About this exercise:
From the entries below, transcribe exactly the lines between the line holding "#38=CARTESIAN_POINT('',(-40.,-32.75,4.25));" and the line holding "#70=EDGE_CURVE('E129',#69,#29,#67,.T.);", inclusive; skip all other lines.

***** Exercise materials

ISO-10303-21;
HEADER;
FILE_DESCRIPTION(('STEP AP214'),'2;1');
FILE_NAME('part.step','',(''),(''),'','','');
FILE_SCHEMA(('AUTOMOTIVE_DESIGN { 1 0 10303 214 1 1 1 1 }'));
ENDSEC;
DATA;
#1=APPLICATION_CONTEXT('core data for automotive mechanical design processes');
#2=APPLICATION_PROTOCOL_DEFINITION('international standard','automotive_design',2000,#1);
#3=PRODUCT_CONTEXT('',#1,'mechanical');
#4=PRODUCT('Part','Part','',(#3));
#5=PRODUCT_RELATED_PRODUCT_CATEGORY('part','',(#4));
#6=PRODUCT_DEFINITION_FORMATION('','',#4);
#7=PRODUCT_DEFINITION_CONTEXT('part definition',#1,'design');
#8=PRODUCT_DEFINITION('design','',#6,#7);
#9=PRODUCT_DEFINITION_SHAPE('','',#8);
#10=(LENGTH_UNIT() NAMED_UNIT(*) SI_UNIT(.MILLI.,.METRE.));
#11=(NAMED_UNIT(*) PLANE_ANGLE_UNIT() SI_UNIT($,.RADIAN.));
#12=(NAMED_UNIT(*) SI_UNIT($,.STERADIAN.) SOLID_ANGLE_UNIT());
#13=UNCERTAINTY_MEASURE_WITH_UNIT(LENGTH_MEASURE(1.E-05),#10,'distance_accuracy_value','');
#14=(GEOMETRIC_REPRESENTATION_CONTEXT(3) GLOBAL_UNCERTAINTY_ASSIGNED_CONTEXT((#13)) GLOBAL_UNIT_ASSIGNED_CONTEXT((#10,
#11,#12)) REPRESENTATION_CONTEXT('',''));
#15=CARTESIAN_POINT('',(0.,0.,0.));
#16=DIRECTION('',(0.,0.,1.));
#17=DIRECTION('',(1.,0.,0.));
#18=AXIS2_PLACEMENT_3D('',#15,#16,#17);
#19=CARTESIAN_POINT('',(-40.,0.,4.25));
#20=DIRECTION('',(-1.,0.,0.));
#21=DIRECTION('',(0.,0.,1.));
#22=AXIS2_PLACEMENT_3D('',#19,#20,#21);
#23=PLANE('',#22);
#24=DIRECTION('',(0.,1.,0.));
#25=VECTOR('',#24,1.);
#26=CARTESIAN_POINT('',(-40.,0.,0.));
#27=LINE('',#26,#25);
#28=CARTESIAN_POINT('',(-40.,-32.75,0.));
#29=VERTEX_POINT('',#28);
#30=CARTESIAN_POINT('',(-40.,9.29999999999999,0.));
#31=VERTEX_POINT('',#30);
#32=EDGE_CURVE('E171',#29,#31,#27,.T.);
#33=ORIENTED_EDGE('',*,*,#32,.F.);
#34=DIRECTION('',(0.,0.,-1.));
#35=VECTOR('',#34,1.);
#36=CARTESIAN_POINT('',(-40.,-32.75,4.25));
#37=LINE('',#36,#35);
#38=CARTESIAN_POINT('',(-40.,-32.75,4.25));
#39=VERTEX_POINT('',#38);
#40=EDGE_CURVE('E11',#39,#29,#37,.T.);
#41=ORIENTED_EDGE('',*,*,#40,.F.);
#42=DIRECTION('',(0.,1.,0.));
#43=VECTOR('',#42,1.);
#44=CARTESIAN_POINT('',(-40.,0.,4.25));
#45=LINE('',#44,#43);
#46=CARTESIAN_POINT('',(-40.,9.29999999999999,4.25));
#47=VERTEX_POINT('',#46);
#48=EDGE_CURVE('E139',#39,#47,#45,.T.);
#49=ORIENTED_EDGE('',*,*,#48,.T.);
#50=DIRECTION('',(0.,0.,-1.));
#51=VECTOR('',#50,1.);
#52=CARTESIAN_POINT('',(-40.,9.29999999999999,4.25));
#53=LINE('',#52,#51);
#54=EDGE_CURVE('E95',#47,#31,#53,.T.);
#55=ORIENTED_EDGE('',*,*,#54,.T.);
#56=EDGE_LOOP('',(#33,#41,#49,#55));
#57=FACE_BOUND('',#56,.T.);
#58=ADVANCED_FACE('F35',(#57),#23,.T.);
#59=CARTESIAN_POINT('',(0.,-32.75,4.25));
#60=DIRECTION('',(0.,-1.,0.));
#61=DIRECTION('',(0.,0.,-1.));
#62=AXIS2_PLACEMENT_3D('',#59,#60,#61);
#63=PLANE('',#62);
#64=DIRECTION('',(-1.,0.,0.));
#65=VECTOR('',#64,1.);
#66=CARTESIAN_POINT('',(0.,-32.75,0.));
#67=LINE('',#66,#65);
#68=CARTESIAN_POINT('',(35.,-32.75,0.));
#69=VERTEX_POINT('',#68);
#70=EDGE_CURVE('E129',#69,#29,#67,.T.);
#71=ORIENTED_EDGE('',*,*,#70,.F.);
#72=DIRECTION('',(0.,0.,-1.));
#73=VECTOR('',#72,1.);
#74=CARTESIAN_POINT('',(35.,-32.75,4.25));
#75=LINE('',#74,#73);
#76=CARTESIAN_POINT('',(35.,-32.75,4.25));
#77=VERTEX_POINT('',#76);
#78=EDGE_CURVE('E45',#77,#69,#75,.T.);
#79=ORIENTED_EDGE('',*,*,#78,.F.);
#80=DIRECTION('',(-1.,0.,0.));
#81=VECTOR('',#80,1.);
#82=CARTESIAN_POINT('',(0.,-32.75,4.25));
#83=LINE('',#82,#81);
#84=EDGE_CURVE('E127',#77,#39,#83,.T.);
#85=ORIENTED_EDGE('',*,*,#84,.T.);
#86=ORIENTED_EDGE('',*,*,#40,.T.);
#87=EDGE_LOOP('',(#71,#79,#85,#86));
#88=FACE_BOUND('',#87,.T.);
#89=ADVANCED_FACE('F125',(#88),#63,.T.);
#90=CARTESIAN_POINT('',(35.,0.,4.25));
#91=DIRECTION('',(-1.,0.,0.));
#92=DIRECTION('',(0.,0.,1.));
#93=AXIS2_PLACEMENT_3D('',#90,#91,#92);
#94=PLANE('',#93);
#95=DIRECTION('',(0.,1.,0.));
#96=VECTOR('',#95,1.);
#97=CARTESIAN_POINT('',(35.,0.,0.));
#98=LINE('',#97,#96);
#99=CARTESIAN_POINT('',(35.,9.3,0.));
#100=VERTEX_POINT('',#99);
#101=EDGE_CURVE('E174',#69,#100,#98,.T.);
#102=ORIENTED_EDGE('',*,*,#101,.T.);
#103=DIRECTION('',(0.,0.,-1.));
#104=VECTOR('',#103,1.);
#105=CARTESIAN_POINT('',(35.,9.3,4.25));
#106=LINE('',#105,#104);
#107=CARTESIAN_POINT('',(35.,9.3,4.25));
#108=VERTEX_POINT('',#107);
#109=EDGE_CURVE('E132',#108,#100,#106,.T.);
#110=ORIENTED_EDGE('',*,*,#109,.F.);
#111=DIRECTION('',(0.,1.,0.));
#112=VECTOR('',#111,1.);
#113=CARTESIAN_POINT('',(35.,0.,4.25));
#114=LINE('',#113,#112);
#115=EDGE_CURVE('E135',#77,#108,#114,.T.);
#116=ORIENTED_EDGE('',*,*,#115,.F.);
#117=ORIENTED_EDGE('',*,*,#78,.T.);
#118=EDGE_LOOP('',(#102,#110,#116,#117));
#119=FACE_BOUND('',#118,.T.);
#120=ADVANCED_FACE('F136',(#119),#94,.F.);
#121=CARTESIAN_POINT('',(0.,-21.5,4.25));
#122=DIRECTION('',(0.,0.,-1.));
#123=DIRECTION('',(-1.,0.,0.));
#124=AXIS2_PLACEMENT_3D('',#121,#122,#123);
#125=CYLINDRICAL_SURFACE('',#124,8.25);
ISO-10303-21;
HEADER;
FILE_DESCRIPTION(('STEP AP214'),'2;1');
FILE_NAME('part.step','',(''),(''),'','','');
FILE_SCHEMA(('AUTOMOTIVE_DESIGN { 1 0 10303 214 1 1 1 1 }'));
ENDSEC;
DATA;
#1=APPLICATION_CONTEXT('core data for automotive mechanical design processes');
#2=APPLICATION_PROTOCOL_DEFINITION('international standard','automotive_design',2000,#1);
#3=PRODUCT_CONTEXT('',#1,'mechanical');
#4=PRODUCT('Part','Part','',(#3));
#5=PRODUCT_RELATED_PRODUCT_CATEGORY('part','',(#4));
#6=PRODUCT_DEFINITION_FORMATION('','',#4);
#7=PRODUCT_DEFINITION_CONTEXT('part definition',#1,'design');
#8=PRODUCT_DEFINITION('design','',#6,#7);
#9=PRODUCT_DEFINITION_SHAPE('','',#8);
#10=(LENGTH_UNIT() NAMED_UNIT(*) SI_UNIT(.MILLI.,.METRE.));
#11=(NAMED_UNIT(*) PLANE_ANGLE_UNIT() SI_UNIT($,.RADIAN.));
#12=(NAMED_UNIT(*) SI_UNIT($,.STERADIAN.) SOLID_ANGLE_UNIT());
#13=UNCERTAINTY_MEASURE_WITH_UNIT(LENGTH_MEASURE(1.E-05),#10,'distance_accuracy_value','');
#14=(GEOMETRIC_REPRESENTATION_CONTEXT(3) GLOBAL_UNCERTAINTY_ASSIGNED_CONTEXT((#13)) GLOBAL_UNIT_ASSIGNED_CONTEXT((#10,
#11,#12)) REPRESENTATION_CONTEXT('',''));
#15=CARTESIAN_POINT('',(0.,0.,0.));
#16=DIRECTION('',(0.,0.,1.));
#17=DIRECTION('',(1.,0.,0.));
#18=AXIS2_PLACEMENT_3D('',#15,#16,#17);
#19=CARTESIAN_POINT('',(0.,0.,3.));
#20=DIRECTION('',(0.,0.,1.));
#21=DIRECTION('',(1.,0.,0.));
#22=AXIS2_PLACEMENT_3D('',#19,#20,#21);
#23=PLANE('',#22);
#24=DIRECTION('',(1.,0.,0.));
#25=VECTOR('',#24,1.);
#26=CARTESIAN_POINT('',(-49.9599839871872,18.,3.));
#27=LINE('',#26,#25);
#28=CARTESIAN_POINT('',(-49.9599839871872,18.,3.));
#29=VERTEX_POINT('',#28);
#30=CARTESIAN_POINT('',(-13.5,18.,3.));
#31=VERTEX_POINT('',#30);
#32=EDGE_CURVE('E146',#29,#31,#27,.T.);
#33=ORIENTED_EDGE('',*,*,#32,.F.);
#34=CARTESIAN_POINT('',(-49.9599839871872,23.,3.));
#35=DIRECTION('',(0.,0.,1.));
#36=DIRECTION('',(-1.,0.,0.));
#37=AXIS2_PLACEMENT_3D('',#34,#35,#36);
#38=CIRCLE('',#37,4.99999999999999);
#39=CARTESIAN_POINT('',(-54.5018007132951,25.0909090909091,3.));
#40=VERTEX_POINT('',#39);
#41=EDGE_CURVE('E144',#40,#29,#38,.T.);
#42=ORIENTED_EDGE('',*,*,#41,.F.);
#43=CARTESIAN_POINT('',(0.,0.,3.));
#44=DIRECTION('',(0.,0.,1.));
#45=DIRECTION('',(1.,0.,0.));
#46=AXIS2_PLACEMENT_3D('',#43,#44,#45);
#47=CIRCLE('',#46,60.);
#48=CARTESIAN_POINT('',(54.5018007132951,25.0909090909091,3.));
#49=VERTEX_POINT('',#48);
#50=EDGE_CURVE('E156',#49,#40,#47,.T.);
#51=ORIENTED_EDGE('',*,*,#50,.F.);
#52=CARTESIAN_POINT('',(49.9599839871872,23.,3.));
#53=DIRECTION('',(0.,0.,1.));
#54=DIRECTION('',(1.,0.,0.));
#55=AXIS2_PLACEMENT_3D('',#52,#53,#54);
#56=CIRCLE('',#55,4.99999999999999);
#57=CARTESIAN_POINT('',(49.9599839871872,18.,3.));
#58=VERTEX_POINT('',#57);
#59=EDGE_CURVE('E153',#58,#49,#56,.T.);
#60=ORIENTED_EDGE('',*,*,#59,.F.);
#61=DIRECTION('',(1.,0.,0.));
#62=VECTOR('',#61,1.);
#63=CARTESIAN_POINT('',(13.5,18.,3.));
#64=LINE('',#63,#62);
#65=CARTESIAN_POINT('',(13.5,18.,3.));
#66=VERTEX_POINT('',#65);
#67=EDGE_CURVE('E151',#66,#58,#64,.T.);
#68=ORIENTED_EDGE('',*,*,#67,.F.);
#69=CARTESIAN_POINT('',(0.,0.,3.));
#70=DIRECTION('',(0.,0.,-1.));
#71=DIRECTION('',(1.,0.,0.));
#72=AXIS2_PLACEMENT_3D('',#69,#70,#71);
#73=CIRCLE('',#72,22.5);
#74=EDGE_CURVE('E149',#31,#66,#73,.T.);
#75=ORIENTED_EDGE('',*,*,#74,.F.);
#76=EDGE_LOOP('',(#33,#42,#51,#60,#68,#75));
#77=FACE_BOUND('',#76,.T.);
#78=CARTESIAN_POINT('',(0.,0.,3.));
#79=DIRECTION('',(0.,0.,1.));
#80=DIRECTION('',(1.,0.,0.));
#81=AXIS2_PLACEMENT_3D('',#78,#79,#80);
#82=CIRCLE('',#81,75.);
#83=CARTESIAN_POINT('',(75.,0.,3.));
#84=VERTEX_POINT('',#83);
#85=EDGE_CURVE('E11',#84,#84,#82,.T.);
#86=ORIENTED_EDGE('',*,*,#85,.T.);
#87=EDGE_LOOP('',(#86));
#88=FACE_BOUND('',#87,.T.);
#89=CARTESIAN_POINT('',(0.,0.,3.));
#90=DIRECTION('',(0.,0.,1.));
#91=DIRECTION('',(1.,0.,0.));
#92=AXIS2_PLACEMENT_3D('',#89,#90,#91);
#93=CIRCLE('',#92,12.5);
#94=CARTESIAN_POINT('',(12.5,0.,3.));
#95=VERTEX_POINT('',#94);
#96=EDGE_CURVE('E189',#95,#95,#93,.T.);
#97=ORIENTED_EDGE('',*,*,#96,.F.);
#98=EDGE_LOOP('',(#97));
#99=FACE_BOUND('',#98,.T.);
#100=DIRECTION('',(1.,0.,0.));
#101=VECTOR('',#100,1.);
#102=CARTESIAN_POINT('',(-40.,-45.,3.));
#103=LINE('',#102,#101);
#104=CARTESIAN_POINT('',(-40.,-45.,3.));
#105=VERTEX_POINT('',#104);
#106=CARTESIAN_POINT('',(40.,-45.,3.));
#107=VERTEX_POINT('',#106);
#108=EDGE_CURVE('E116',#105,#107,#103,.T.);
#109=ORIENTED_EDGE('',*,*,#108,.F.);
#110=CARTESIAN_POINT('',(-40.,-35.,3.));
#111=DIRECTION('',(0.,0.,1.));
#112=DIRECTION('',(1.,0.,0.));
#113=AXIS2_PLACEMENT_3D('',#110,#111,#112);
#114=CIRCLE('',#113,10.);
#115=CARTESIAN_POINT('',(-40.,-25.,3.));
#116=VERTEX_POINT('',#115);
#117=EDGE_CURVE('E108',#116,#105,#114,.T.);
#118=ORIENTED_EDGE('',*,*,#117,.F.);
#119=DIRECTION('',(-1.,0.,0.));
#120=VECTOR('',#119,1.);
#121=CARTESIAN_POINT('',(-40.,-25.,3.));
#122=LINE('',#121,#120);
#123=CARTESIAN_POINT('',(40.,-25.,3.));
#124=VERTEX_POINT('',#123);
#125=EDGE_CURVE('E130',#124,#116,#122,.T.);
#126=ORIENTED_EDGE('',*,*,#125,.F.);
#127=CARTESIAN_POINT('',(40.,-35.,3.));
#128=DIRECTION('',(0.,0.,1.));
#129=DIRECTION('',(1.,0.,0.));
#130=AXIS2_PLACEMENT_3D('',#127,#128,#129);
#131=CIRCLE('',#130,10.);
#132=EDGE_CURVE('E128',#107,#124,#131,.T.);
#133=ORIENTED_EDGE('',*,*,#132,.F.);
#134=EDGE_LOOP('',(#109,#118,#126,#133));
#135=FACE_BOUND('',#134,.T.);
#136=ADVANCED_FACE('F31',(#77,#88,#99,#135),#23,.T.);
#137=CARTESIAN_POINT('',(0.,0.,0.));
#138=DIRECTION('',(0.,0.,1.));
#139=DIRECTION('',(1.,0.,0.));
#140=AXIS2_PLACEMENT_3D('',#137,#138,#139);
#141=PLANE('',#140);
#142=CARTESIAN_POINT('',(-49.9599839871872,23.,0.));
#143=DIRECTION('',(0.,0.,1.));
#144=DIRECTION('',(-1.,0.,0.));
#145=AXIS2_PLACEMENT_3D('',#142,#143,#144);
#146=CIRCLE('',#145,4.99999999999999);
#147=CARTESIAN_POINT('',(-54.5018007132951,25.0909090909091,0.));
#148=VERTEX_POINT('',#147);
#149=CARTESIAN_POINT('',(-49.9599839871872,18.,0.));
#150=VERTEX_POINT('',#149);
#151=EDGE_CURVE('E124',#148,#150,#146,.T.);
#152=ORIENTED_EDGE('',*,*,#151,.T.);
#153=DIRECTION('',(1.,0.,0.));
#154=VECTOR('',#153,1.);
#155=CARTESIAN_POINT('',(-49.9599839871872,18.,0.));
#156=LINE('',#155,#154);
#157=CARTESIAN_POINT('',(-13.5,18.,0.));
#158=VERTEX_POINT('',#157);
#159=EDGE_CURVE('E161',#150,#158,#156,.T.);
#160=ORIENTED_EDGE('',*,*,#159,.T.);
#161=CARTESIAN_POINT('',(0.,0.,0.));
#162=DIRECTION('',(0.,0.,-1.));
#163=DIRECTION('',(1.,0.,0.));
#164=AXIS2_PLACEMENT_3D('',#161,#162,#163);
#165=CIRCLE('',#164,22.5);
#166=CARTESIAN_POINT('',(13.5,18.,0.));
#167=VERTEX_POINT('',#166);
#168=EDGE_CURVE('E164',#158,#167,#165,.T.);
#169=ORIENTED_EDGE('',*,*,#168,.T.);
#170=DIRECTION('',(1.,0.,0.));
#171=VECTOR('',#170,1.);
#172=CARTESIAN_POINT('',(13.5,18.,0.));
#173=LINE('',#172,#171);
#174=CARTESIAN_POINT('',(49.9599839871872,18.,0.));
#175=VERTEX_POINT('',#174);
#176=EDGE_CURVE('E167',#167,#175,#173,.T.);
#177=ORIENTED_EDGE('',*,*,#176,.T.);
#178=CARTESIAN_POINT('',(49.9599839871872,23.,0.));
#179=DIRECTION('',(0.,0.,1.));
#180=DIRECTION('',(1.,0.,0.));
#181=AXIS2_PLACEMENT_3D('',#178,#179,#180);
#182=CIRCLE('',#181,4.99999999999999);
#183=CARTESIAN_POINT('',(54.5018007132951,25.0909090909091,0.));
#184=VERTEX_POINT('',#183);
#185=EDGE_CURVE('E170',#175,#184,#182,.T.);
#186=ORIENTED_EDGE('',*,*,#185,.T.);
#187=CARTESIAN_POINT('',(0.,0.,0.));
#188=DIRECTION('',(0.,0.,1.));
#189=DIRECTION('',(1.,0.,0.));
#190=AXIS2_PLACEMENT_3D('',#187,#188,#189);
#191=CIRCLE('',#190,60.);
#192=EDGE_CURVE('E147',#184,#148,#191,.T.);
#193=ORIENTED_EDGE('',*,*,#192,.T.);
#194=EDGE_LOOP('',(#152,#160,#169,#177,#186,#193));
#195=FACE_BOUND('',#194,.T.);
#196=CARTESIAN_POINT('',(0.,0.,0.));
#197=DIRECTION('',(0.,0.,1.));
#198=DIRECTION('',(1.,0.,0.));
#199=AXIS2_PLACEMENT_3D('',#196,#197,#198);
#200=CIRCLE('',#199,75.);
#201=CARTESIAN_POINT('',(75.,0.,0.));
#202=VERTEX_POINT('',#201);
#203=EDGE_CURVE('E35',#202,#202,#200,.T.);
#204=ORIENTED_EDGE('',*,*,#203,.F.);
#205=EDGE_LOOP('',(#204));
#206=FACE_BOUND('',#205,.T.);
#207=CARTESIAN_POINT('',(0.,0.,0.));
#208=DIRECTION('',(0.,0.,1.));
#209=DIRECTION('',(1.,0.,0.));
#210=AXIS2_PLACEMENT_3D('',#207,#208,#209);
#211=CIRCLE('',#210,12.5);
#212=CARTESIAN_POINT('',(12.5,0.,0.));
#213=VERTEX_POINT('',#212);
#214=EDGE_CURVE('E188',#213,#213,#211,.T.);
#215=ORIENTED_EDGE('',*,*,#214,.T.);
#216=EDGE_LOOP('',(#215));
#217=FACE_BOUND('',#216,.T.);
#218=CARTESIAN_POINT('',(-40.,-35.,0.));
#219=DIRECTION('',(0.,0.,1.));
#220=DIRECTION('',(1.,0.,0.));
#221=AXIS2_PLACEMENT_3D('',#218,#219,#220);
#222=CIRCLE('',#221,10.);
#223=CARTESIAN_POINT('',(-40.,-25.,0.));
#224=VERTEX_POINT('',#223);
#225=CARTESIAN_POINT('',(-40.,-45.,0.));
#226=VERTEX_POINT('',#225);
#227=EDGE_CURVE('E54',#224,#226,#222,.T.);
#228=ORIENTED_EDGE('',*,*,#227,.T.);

**********

Written answer:
#38=CARTESIAN_POINT('',(-40.,-32.75,4.25));
#39=VERTEX_POINT('',#38);
#40=EDGE_CURVE('E11',#39,#29,#37,.T.);
#41=ORIENTED_EDGE('',*,*,#40,.F.);
#42=DIRECTION('',(0.,1.,0.));
#43=VECTOR('',#42,1.);
#44=CARTESIAN_POINT('',(-40.,0.,4.25));
#45=LINE('',#44,#43);
#46=CARTESIAN_POINT('',(-40.,9.29999999999999,4.25));
#47=VERTEX_POINT('',#46);
#48=EDGE_CURVE('E139',#39,#47,#45,.T.);
#49=ORIENTED_EDGE('',*,*,#48,.T.);
#50=DIRECTION('',(0.,0.,-1.));
#51=VECTOR('',#50,1.);
#52=CARTESIAN_POINT('',(-40.,9.29999999999999,4.25));
#53=LINE('',#52,#51);
#54=EDGE_CURVE('E95',#47,#31,#53,.T.);
#55=ORIENTED_EDGE('',*,*,#54,.T.);
#56=EDGE_LOOP('',(#33,#41,#49,#55));
#57=FACE_BOUND('',#56,.T.);
#58=ADVANCED_FACE('F35',(#57),#23,.T.);
#59=CARTESIAN_POINT('',(0.,-32.75,4.25));
#60=DIRECTION('',(0.,-1.,0.));
#61=DIRECTION('',(0.,0.,-1.));
#62=AXIS2_PLACEMENT_3D('',#59,#60,#61);
#63=PLANE('',#62);
#64=DIRECTION('',(-1.,0.,0.));
#65=VECTOR('',#64,1.);
#66=CARTESIAN_POINT('',(0.,-32.75,0.));
#67=LINE('',#66,#65);
#68=CARTESIAN_POINT('',(35.,-32.75,0.));
#69=VERTEX_POINT('',#68);
#70=EDGE_CURVE('E129',#69,#29,#67,.T.);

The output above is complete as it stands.